In November last year, Aneera Kabeer attended her 14th job interview in two months wearing a cap, a mask that hid most of her face, and men’s clothes.
The 35-year-old trans woman says it was an act of desperation borne of the transphobic remarks she faced at earlier interviews.
She got the part-time job – at a government school in the southern Indian state of Kerala – but alleges she was unfairly dismissed less than two months later.
The school’s principal declined to comment. P Krishnan, a district official, said that the principal had informed him that Ms Kabeer hadn’t been dismissed and had, instead, “misunderstood” the situation.
Out of options, Ms Kabeer approached the state’s legal aid services in January – she wanted a lawyer to petition for euthanasia, or “mercy killing”, on her behalf.
“All I wanted was to work and earn a living. But it became impossible to even do that,” Ms Kabeer says.
She had read of countries that allowed euthanasia – and India only permitted passive euthanasia.
“I knew I wouldn’t get legal permission here. But I wanted to send a message,” she says.
Rather, she wanted to get the attention of the state – and she did. The government swiftly responded, and she now has another job.
Protests… and promises
Ms Kabeer is clear that she had no intention of taking her own life, and what she did is not meant to serve as an example for others.
But such dramatic forms of protest are not uncommon in India.
Sociologists have suggested that the legacy of Mahatma Gandhi’s non-violent civil disobedience, which included long periods of fasting, highlighted the power of what they call “performative” protests – especially in a country like India, where the state is often slow to respond.
Anagha Ingole, who teaches political science at the University of Hyderabad, says that acts like Ms Kabeer’s are intended to remind the government that it has failed to keep its promises.
“In this case, the state fell short of its formal promise of protecting a citizen’s right to work,” says Ms Ingole, who has worked extensively on issues of social discrimination.
India is estimated to have around two million transgender people, though activists say the number is higher. In 2014, India’s Supreme Court ruled that they have the same rights as people of other genders.
However, they still struggle to access education and healthcare. And many are forced to make a living through begging or sex work.
Ms Kabeer says the community needs political representation and job quotas.
Fighting to be herself
Growing up in Palakkad district in central Kerala, Ms Kabeer says she struggled for years to identify with the sex assigned to her at birth.
She didn’t want to speak about her family who, she said, were still coping with the recent death of her brother.
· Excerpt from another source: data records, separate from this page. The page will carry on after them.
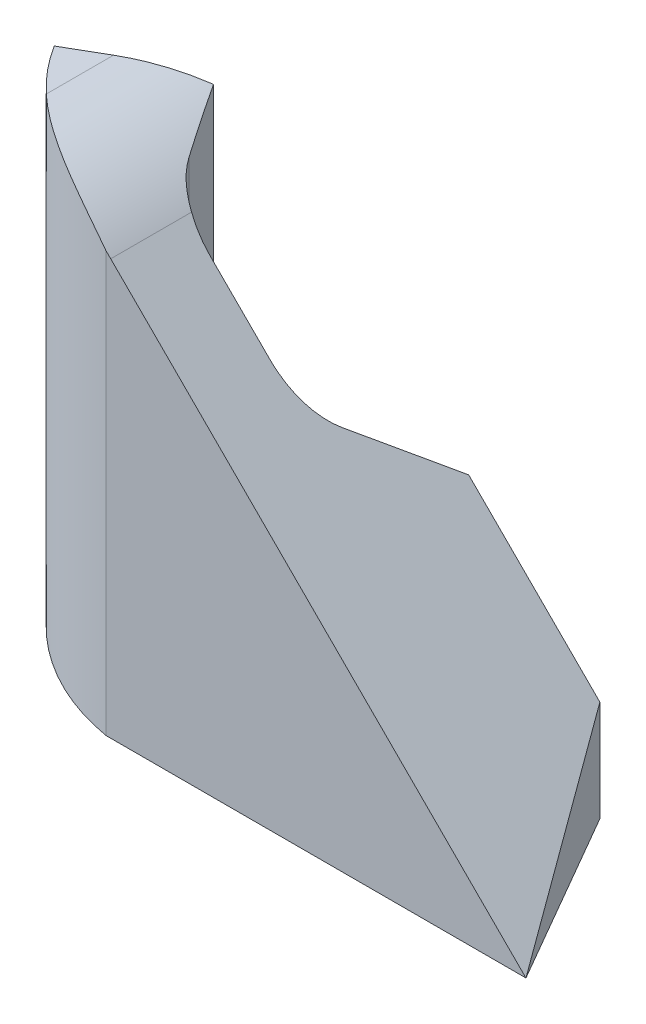
ISO-10303-21;
HEADER;
FILE_DESCRIPTION(('STEP AP214'),'2;1');
FILE_NAME('part.step','',(''),(''),'','','');
FILE_SCHEMA(('AUTOMOTIVE_DESIGN { 1 0 10303 214 1 1 1 1 }'));
ENDSEC;
DATA;
#1=APPLICATION_CONTEXT('core data for automotive mechanical design processes');
#2=APPLICATION_PROTOCOL_DEFINITION('international standard','automotive_design',2000,#1);
#3=PRODUCT_CONTEXT('',#1,'mechanical');
#4=PRODUCT('Part','Part','',(#3));
#5=PRODUCT_RELATED_PRODUCT_CATEGORY('part','',(#4));
#6=PRODUCT_DEFINITION_FORMATION('','',#4);
#7=PRODUCT_DEFINITION_CONTEXT('part definition',#1,'design');
#8=PRODUCT_DEFINITION('design','',#6,#7);
#9=PRODUCT_DEFINITION_SHAPE('','',#8);
#10=(LENGTH_UNIT() NAMED_UNIT(*) SI_UNIT(.MILLI.,.METRE.));
#11=(NAMED_UNIT(*) PLANE_ANGLE_UNIT() SI_UNIT($,.RADIAN.));
#12=(NAMED_UNIT(*) SI_UNIT($,.STERADIAN.) SOLID_ANGLE_UNIT());
#13=UNCERTAINTY_MEASURE_WITH_UNIT(LENGTH_MEASURE(1.E-05),#10,'distance_accuracy_value','');
#14=(GEOMETRIC_REPRESENTATION_CONTEXT(3) GLOBAL_UNCERTAINTY_ASSIGNED_CONTEXT((#13)) GLOBAL_UNIT_ASSIGNED_CONTEXT((#10,
#11,#12)) REPRESENTATION_CONTEXT('',''));
#15=CARTESIAN_POINT('',(0.,0.,0.));
#16=DIRECTION('',(0.,0.,1.));
#17=DIRECTION('',(1.,0.,0.));
#18=AXIS2_PLACEMENT_3D('',#15,#16,#17);
#19=CARTESIAN_POINT('',(84.7532992108684,80.,-39.1871510775911));
#20=DIRECTION('',(0.,-1.,0.));
#21=DIRECTION('',(0.,0.,-1.));
#22=AXIS2_PLACEMENT_3D('',#19,#20,#21);
#23=CYLINDRICAL_SURFACE('',#22,39.7648067995995);
#24=DIRECTION('',(0.,-1.,0.));
#25=VECTOR('',#24,1.);
#26=CARTESIAN_POINT('',(77.9999999999994,80.,0.));
#27=LINE('',#26,#25);
#28=CARTESIAN_POINT('',(77.9999999999994,71.9718433985966,0.));
#29=VERTEX_POINT('',#28);
#30=CARTESIAN_POINT('',(77.9999999999994,0.,0.));
#31=VERTEX_POINT('',#30);
#32=EDGE_CURVE('E146',#29,#31,#27,.T.);
#33=ORIENTED_EDGE('',*,*,#32,.F.);
#34=CARTESIAN_POINT('',(77.9999999999994,71.9718433985966,0.));
#35=CARTESIAN_POINT('',(77.7335986619102,72.2195183677995,-0.0459073022775095));
#36=CARTESIAN_POINT('',(77.4630042014682,72.4620357358725,-0.0953401702948594));
#37=CARTESIAN_POINT('',(76.9140353574111,72.9364070782736,-0.201718899229497));
#38=CARTESIAN_POINT('',(76.6356606105425,73.1682605533742,-0.258665111400422));
#39=CARTESIAN_POINT('',(76.0717107837595,73.6209742395291,-0.380539368932625));
#40=CARTESIAN_POINT('',(75.786134391271,73.8418324244412,-0.445468877812701));
#41=CARTESIAN_POINT('',(75.2085472406642,74.2721684005322,-0.583708182089227));
#42=CARTESIAN_POINT('',(74.9165365938317,74.4816463883244,-0.657017832635819));
#43=CARTESIAN_POINT('',(74.0352357765432,75.0902705688337,-0.889235820381399));
#44=CARTESIAN_POINT('',(73.4373461667372,75.472273521661,-1.06114041682028));
#45=CARTESIAN_POINT('',(72.2251335851486,76.1883194185665,-1.44210372319843));
#46=CARTESIAN_POINT('',(71.610812865398,76.5223688955463,-1.65115736346832));
#47=CARTESIAN_POINT('',(70.370520504923,77.1425968785391,-2.10867417547363));
#48=CARTESIAN_POINT('',(69.7445228537363,77.4286494184168,-2.35723781423036));
#49=CARTESIAN_POINT('',(68.4891576924157,77.951976990873,-2.89412644327581));
#50=CARTESIAN_POINT('',(67.8597899040653,78.1892479306199,-3.18245476647861));
#51=CARTESIAN_POINT('',(66.603441804,78.616477038177,-3.79911743907938));
#52=CARTESIAN_POINT('',(65.9764661427202,78.8063676450469,-4.12750793265412));
#53=CARTESIAN_POINT('',(64.7320271951322,79.1405539467785,-4.82297639926268));
#54=CARTESIAN_POINT('',(64.1145628244505,79.2848548764285,-5.19004992409725));
#55=CARTESIAN_POINT('',(62.9804223044365,79.5135950197848,-5.9070293495262));
#56=CARTESIAN_POINT('',(62.4617831542531,79.6035986122286,-6.25209072772108));
#57=CARTESIAN_POINT('',(61.4385189087551,79.7544923587507,-6.96835373908412));
#58=CARTESIAN_POINT('',(60.933894219566,79.8153816699529,-7.33955612869351));
#59=CARTESIAN_POINT('',(59.9422380733915,79.9104852415791,-8.10591952332908));
#60=CARTESIAN_POINT('',(59.455172672871,79.9447539267262,-8.50102985634323));
#61=CARTESIAN_POINT('',(58.7386850550771,79.9783211654342,-9.11094559393041));
#62=CARTESIAN_POINT('',(58.5022301611165,79.9865376821463,-9.31710475288899));
#63=CARTESIAN_POINT('',(58.0342049693713,79.9973767247314,-9.73501571502693));
#64=CARTESIAN_POINT('',(57.8026344201574,79.9999995392483,-9.94676722906085));
#65=CARTESIAN_POINT('',(57.5735931288057,80.,-10.161241322647));
#66=B_SPLINE_CURVE_WITH_KNOTS('',3,(#34,#35,#36,#37,#38,#39,#40,#41,#42,#43,#44,#45,#46,#47,#48,
#49,#50,#51,#52,#53,#54,#55,#56,#57,#58,#59,#60,#61,#62,#63,#64,#65),.UNSPECIFIED.,.F.,.F.,(4,2,
2,2,2,2,2,2,2,2,2,2,2,2,2,4),(0.,1.09982775196754,2.1997069398163,3.29978806186719,
4.39985017200724,6.58704212809706,8.77393583057388,10.9664821013058,13.1592122541579,
15.3550514398785,17.5506383988797,19.4374786655233,21.3243735540279,23.207400539619,
24.1487288660829,25.0900086173079),.UNSPECIFIED.);
#67=CARTESIAN_POINT('',(57.5735931288057,80.,-10.161241322647));
#68=VERTEX_POINT('',#67);
#69=EDGE_CURVE('E188',#29,#68,#66,.T.);
#70=ORIENTED_EDGE('',*,*,#69,.T.);
#71=CARTESIAN_POINT('',(84.7532992108684,80.,-39.1871510775911));
#72=DIRECTION('',(0.,1.,0.));
#73=DIRECTION('',(0.,0.,1.));
#74=AXIS2_PLACEMENT_3D('',#71,#72,#73);
#75=CIRCLE('',#74,39.7648067995995);
#76=CARTESIAN_POINT('',(51.120447451922,80.,-17.9722708665173));
#77=VERTEX_POINT('',#76);
#78=EDGE_CURVE('E169',#77,#68,#75,.T.);
#79=ORIENTED_EDGE('',*,*,#78,.F.);
#80=DIRECTION('',(0.,-1.,0.));
#81=VECTOR('',#80,1.);
#82=CARTESIAN_POINT('',(51.120447451922,80.,-17.9722708665173));
#83=LINE('',#82,#81);
#84=CARTESIAN_POINT('',(51.120447451922,0.,-17.9722708665173));
#85=VERTEX_POINT('',#84);
#86=EDGE_CURVE('E170',#77,#85,#83,.T.);
#87=ORIENTED_EDGE('',*,*,#86,.T.);
#88=CARTESIAN_POINT('',(84.7532992108684,0.,-39.1871510775911));
#89=DIRECTION('',(0.,1.,0.));
#90=DIRECTION('',(0.,0.,1.));
#91=AXIS2_PLACEMENT_3D('',#88,#89,#90);
#92=CIRCLE('',#91,39.7648067995995);
#93=EDGE_CURVE('E139',#85,#31,#92,.T.);
#94=ORIENTED_EDGE('',*,*,#93,.T.);
#95=EDGE_LOOP('',(#33,#70,#79,#87,#94));
#96=FACE_BOUND('',#95,.T.);
#97=ADVANCED_FACE('F33',(#96),#23,.T.);
#98=CARTESIAN_POINT('',(77.9999999999994,80.,0.));
#99=DIRECTION('',(0.,0.,-1.));
#100=DIRECTION('',(-1.,0.,0.));
#101=AXIS2_PLACEMENT_3D('',#98,#99,#100);
#102=PLANE('',#101);
#103=DIRECTION('',(0.707106781186551,-0.707106781186543,0.));
#104=VECTOR('',#103,1.);
#105=CARTESIAN_POINT('',(69.9999999999985,80.,0.));
#106=LINE('',#105,#104);
#107=CARTESIAN_POINT('',(78.786796564402,71.2132034355966,0.));
#108=VERTEX_POINT('',#107);
#109=CARTESIAN_POINT('',(149.999999999999,0.,0.));
#110=VERTEX_POINT('',#109);
#111=EDGE_CURVE('E118',#108,#110,#106,.T.);
#112=ORIENTED_EDGE('',*,*,#111,.F.);
#113=CARTESIAN_POINT('',(57.5735931288057,50.,0.));
#114=DIRECTION('',(0.,0.,-1.));
#115=DIRECTION('',(-1.,0.,0.));
#116=AXIS2_PLACEMENT_3D('',#113,#114,#115);
#117=CIRCLE('',#116,30.);
#118=EDGE_CURVE('E186',#108,#29,#117,.F.);
#119=ORIENTED_EDGE('',*,*,#118,.T.);
#120=ORIENTED_EDGE('',*,*,#32,.T.);
#121=DIRECTION('',(1.,0.,0.));
#122=VECTOR('',#121,1.);
#123=CARTESIAN_POINT('',(77.9999999999994,0.,0.));
#124=LINE('',#123,#122);
#125=EDGE_CURVE('E143',#31,#110,#124,.T.);
#126=ORIENTED_EDGE('',*,*,#125,.T.);
#127=EDGE_LOOP('',(#112,#119,#120,#126));
#128=FACE_BOUND('',#127,.T.);
#129=ADVANCED_FACE('F144',(#128),#102,.F.);
#130=CARTESIAN_POINT('',(132.679491924311,80.,-30.));
#131=DIRECTION('',(-0.866025403784444,0.,0.499999999999992));
#132=DIRECTION('',(0.499999999999992,0.,0.866025403784444));
#133=AXIS2_PLACEMENT_3D('',#130,#131,#132);
#134=PLANE('',#133);
#135=DIRECTION('',(0.,-1.,0.));
#136=VECTOR('',#135,1.);
#137=CARTESIAN_POINT('',(132.679491924311,80.,-30.));
#138=LINE('',#137,#136);
#139=CARTESIAN_POINT('',(132.679491924311,17.3205080756882,-30.));
#140=VERTEX_POINT('',#139);
#141=CARTESIAN_POINT('',(132.679491924311,0.,-30.));
#142=VERTEX_POINT('',#141);
#143=EDGE_CURVE('E138',#140,#142,#138,.T.);
#144=ORIENTED_EDGE('',*,*,#143,.F.);
#145=DIRECTION('',(0.447213595499953,-0.447213595499948,0.774596669241492));
#146=VECTOR('',#145,1.);
#147=CARTESIAN_POINT('',(120.143593539449,29.85640646055,-51.712812921102));
#148=LINE('',#147,#146);
#149=EDGE_CURVE('E123',#140,#110,#148,.T.);
#150=ORIENTED_EDGE('',*,*,#149,.T.);
#151=DIRECTION('',(-0.499999999999992,0.,-0.866025403784444));
#152=VECTOR('',#151,1.);
#153=CARTESIAN_POINT('',(132.679491924311,0.,-30.));
#154=LINE('',#153,#152);
#155=EDGE_CURVE('E136',#110,#142,#154,.T.);
#156=ORIENTED_EDGE('',*,*,#155,.T.);
#157=EDGE_LOOP('',(#144,#150,#156));
#158=FACE_BOUND('',#157,.T.);
#159=ADVANCED_FACE('F134',(#158),#134,.F.);
#160=CARTESIAN_POINT('',(110.179491924311,80.,-30.));
#161=DIRECTION('',(0.,0.,1.));
#162=DIRECTION('',(1.,0.,0.));
#163=AXIS2_PLACEMENT_3D('',#160,#161,#162);
#164=PLANE('',#163);
#165=DIRECTION('',(0.,-1.,0.));
#166=VECTOR('',#165,1.);
#167=CARTESIAN_POINT('',(110.179491924311,80.,-30.));
#168=LINE('',#167,#166);
#169=CARTESIAN_POINT('',(110.179491924311,39.8205080756879,-30.));
#170=VERTEX_POINT('',#169);
#171=CARTESIAN_POINT('',(110.179491924311,0.,-30.));
#172=VERTEX_POINT('',#171);
#173=EDGE_CURVE('E181',#170,#172,#168,.T.);
#174=ORIENTED_EDGE('',*,*,#173,.F.);
#175=DIRECTION('',(0.707106781186552,-0.707106781186544,0.));
#176=VECTOR('',#175,1.);
#177=CARTESIAN_POINT('',(90.089745962155,59.9102540378437,-30.));
#178=LINE('',#177,#176);
#179=EDGE_CURVE('E140',#170,#140,#178,.T.);
#180=ORIENTED_EDGE('',*,*,#179,.T.);
#181=ORIENTED_EDGE('',*,*,#143,.T.);
#182=DIRECTION('',(-1.,0.,0.));
#183=VECTOR('',#182,1.);
#184=CARTESIAN_POINT('',(110.179491924311,0.,-30.));
#185=LINE('',#184,#183);
#186=EDGE_CURVE('E152',#142,#172,#185,.T.);
#187=ORIENTED_EDGE('',*,*,#186,.T.);
#188=EDGE_LOOP('',(#174,#180,#181,#187));
#189=FACE_BOUND('',#188,.T.);
#190=ADVANCED_FACE('F207',(#189),#164,.F.);
#191=CARTESIAN_POINT('',(110.179491924311,80.,-30.));
#192=DIRECTION('',(0.819152044288989,0.,0.57357643635105));
#193=DIRECTION('',(0.57357643635105,0.,-0.819152044288989));
#194=AXIS2_PLACEMENT_3D('',#191,#192,#193);
#195=PLANE('',#194);
#196=DIRECTION('',(-0.57357643635105,0.,0.819152044288989));
#197=VECTOR('',#196,1.);
#198=CARTESIAN_POINT('',(110.179491924311,0.,-30.));
#199=LINE('',#198,#197);
#200=CARTESIAN_POINT('',(101.261813712118,0.,-17.2642356364895));
#201=VERTEX_POINT('',#200);
#202=EDGE_CURVE('E154',#172,#201,#199,.T.);
#203=ORIENTED_EDGE('',*,*,#202,.T.);
#204=DIRECTION('',(0.,-1.,0.));
#205=VECTOR('',#204,1.);
#206=CARTESIAN_POINT('',(101.261813712118,51.724036225253,-17.2642356364895));
#207=LINE('',#206,#205);
#208=CARTESIAN_POINT('',(101.261813712118,48.7381862878806,-17.2642356364895));
#209=VERTEX_POINT('',#208);
#210=EDGE_CURVE('E54',#201,#209,#207,.F.);
#211=ORIENTED_EDGE('',*,*,#210,.T.);
#212=DIRECTION('',(0.497542812164527,-0.497542812164521,-0.710564775461628));
#213=VECTOR('',#212,1.);
#214=CARTESIAN_POINT('',(100.233104907411,49.7668950925875,-15.7950872075292));
#215=LINE('',#214,#213);
#216=EDGE_CURVE('E250',#209,#170,#215,.T.);
#217=ORIENTED_EDGE('',*,*,#216,.T.);
#218=ORIENTED_EDGE('',*,*,#173,.T.);
#219=EDGE_LOOP('',(#203,#211,#217,#218));
#220=FACE_BOUND('',#219,.T.);
#221=ADVANCED_FACE('F210',(#220),#195,.F.);
#222=CARTESIAN_POINT('',(98.2759637747458,80.,-13.));
#223=DIRECTION('',(0.,0.,1.));
#224=DIRECTION('',(1.,0.,0.));
#225=AXIS2_PLACEMENT_3D('',#222,#223,#224);
#226=PLANE('',#225);
#227=DIRECTION('',(0.707106781186552,-0.707106781186544,0.));
#228=VECTOR('',#227,1.);
#229=CARTESIAN_POINT('',(84.1379818873723,65.8620181126263,-13.));
#230=LINE('',#229,#228);
#231=CARTESIAN_POINT('',(82.8597570149226,67.140242985076,-13.));
#232=VERTEX_POINT('',#231);
#233=CARTESIAN_POINT('',(93.0702932692284,56.9297067307704,-13.));
#234=VERTEX_POINT('',#233);
#235=EDGE_CURVE('E241',#232,#234,#230,.T.);
#236=ORIENTED_EDGE('',*,*,#235,.T.);
#237=DIRECTION('',(0.,-1.,0.));
#238=VECTOR('',#237,1.);
#239=CARTESIAN_POINT('',(93.0702932692284,0.,-13.));
#240=LINE('',#239,#238);
#241=CARTESIAN_POINT('',(93.0702932692284,0.,-13.));
#242=VERTEX_POINT('',#241);
#243=EDGE_CURVE('E233',#234,#242,#240,.T.);
#244=ORIENTED_EDGE('',*,*,#243,.T.);
#245=DIRECTION('',(-1.,0.,0.));
#246=VECTOR('',#245,1.);
#247=CARTESIAN_POINT('',(98.2759637747458,0.,-13.));
#248=LINE('',#247,#246);
#249=CARTESIAN_POINT('',(82.8597570149226,0.,-13.));
#250=VERTEX_POINT('',#249);
#251=EDGE_CURVE('E159',#242,#250,#248,.T.);
#252=ORIENTED_EDGE('',*,*,#251,.T.);
#253=DIRECTION('',(0.,-1.,0.));
#254=VECTOR('',#253,1.);
#255=CARTESIAN_POINT('',(82.8597570149226,80.,-13.));
#256=LINE('',#255,#254);
#257=EDGE_CURVE('E178',#232,#250,#256,.T.);
#258=ORIENTED_EDGE('',*,*,#257,.F.);
#259=EDGE_LOOP('',(#236,#244,#252,#258));
#260=FACE_BOUND('',#259,.T.);
#261=ADVANCED_FACE('F214',(#260),#226,.F.);
#262=CARTESIAN_POINT('',(82.8597570149226,80.,-23.));
#263=DIRECTION('',(0.,-1.,0.));
#264=DIRECTION('',(0.,0.,-1.));
#265=AXIS2_PLACEMENT_3D('',#262,#263,#264);
#266=CYLINDRICAL_SURFACE('',#265,10.);
#267=DIRECTION('',(0.,-1.,0.));
#268=VECTOR('',#267,1.);
#269=CARTESIAN_POINT('',(74.1998993620392,80.,-17.999313503948));
#270=LINE('',#269,#268);
#271=CARTESIAN_POINT('',(74.1998993620392,74.9713023496721,-17.999313503948));
#272=VERTEX_POINT('',#271);
#273=CARTESIAN_POINT('',(74.1998993620392,0.,-17.999313503948));
#274=VERTEX_POINT('',#273);
#275=EDGE_CURVE('E176',#272,#274,#270,.T.);
#276=ORIENTED_EDGE('',*,*,#275,.F.);
#277=CARTESIAN_POINT('',(74.1998993620392,74.9713023496721,-17.999313503948));
#278=CARTESIAN_POINT('',(74.2682942001272,74.9257635992787,-17.8808688704528));
#279=CARTESIAN_POINT('',(74.338807199539,74.8784095191008,-17.7643745868177));
#280=CARTESIAN_POINT('',(74.4837784999972,74.7800990411433,-17.5354472370504));
#281=CARTESIAN_POINT('',(74.5582364374065,74.7291429752439,-17.4230137981983));
#282=CARTESIAN_POINT('',(74.7869456229526,74.5710153683436,-17.0922520528885));
#283=CARTESIAN_POINT('',(74.9466814686044,74.4584857747188,-16.8802054031467));
#284=CARTESIAN_POINT('',(75.2771193827899,74.2203711364371,-16.4753145739116));
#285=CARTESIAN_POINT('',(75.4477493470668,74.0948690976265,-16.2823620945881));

Ms Kabeer was still a teenager when she tried to find other transgender people in Palakkad. But she stopped after one such attempt ended with her being arrested.
She even ran away from home to Bangalore city after seeing photos of transgender people there in a newspaper. She found a supportive transgender community who accepted her. But life was difficult – many of them begged for years to raise money for gender reassignment surgery.
“I never wanted to take such an extreme step. But what choice did I have?” she asks.
A disheartened Ms Kabeer returned home.
“I tried hard to live the way my family wanted me to,” she recalls.
This included smoking cigarettes, and joining gyms and personality development courses – all of which, people around her said, would make her “manly”.
But pretending to be someone she wasn’t made her miserable.
She also studied hard – she had a passion for teaching since she was young and would tutor children in her neighbourhood.
That kept her going even after she finally left home to live the life she wanted.
Ms Kabeer now has three master’s degrees, including one in education, and has passed a state exam that allows her to teach senior school students.
But in job interviews, she faced uncomfortable questions – one interviewer asked her how she could be trusted not to look at students through a sexual lens.
“I was passed over for jobs that I was overqualified for,” she says.
When she was finally hired – a temporary post as a junior teacher of sociology – she says she told a school official the truth.
“I told him I’m a trans woman and apologised for appearing for the interview like that. I explained that I couldn’t even pay my rent without a job,” she says.
When she began teaching in November 2021, she alleges she faced ignorant remarks from colleagues but says that the students were supportive.
But then, Ms Kabeer says, she was abruptly asked to stop coming to school on 6 January – her dismissal, she alleges, went against the rules.
Left without a job, she panicked and even went to shops near the school to ask if they would hire her as a salesperson. But she was turned away.
That’s when she approached legal aid.
The news went viral, and Kerala’s education minister reacted immediately – he met Ms Kabeer and she has now started another temporary job at a government office in Palakkad.
But others like her are still waiting for help.